### Directions
Please restate, word for word, each line from the one containing "Saved by Autodesk" through the end of the entries below.
**** Exercise materials ****
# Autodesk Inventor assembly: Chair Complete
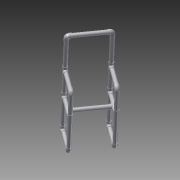
[picture p0: Inventor's stored thumbnail of the model, 180x180]
Saved by Autodesk Inventor 2015 (Build 190159000, 159)
## iProperties
Created: 2015-05-04
Part Number: Chair Complete
Document SubType Name: Assembly
Designer: 1750019
Author: 1750019
## Documents named in this file (5)
- R:\VD Proj\Chair Complete.iam
- R:\VD Proj\Chair-Side.iam
- R:\VD Proj\18 in Seg.ipt
- R:\VD Proj\MCMasterCarr\Imported Components\TEE - 4880K460\TEE - 4880K460.ipt
- R:\VD Proj\Chair-Side-Mir.iam
## Components (6 placed, 4 different names)
1. Chair-Side:1 [sub-assembly] — Rigid:3, Cylindrical:1, Mate:1
2. 18 in Seg:2 — Rigid:3, Rigid:4
3. Chair-Side-Mir:1 [sub-assembly] — Rigid:4, Cylindrical:2, Mate:2, Angle:1
4. 18 in Seg:3 — Cylindrical:3, Rigid:5, Angle:1
5. TEE - 4880K460:1 — Cylindrical:1, Mate:1, Cylindrical:4, Rigid:5
6. TEE - 4880K460:2 — Cylindrical:2, Mate:2, Cylindrical:3, Cylindrical:4
## Relationships (10: CylindricalJoint 4, WeldJoint 3, Mate 2, Angle 1)
- Rigid:3 [WeldJoint]: Chair-Side:1 ↔ 18 in Seg:2
- Rigid:4 [WeldJoint]: 18 in Seg:2 ↔ Chair-Side-Mir:1
- Cylindrical:1: Chair-Side:1 ↔ TEE - 4880K460:1
- Cylindrical:2: Chair-Side-Mir:1 ↔ TEE - 4880K460:2
- Mate:1: Chair-Side:1 ↔ TEE - 4880K460:1
- Mate:2: Chair-Side-Mir:1 ↔ TEE - 4880K460:2
- Cylindrical:3: 18 in Seg:3 ↔ TEE - 4880K460:2
- Cylindrical:4: TEE - 4880K460:1 ↔ TEE - 4880K460:2
- Rigid:5 [WeldJoint]: 18 in Seg:3 ↔ TEE - 4880K460:1
- Angle:1 (90 deg): Chair-Side-Mir:1 ↔ 18 in Seg:3
****
### Answer below
Saved by Autodesk Inventor 2015 (Build 190159000, 159)
## iProperties
Created: 2015-05-04
Part Number: Chair Complete
Document SubType Name: Assembly
Designer: 1750019
Author: 1750019
## Documents named in this file (5)
- R:\VD Proj\Chair Complete.iam
- R:\VD Proj\Chair-Side.iam
- R:\VD Proj\18 in Seg.ipt
- R:\VD Proj\MCMasterCarr\Imported Components\TEE - 4880K460\TEE - 4880K460.ipt
- R:\VD Proj\Chair-Side-Mir.iam
## Components (6 placed, 4 different names)
1. Chair-Side:1 [sub-assembly] — Rigid:3, Cylindrical:1, Mate:1
2. 18 in Seg:2 — Rigid:3, Rigid:4
3. Chair-Side-Mir:1 [sub-assembly] — Rigid:4, Cylindrical:2, Mate:2, Angle:1
4. 18 in Seg:3 — Cylindrical:3, Rigid:5, Angle:1
5. TEE - 4880K460:1 — Cylindrical:1, Mate:1, Cylindrical:4, Rigid:5
6. TEE - 4880K460:2 — Cylindrical:2, Mate:2, Cylindrical:3, Cylindrical:4
## Relationships (10: CylindricalJoint 4, WeldJoint 3, Mate 2, Angle 1)
- Rigid:3 [WeldJoint]: Chair-Side:1 ↔ 18 in Seg:2
- Rigid:4 [WeldJoint]: 18 in Seg:2 ↔ Chair-Side-Mir:1
- Cylindrical:1: Chair-Side:1 ↔ TEE - 4880K460:1
- Cylindrical:2: Chair-Side-Mir:1 ↔ TEE - 4880K460:2
- Mate:1: Chair-Side:1 ↔ TEE - 4880K460:1
- Mate:2: Chair-Side-Mir:1 ↔ TEE - 4880K460:2
- Cylindrical:3: 18 in Seg:3 ↔ TEE - 4880K460:2
- Cylindrical:4: TEE - 4880K460:1 ↔ TEE - 4880K460:2
- Rigid:5 [WeldJoint]: 18 in Seg:3 ↔ TEE - 4880K460:1
- Angle:1 (90 deg): Chair-Side-Mir:1 ↔ 18 in Seg:3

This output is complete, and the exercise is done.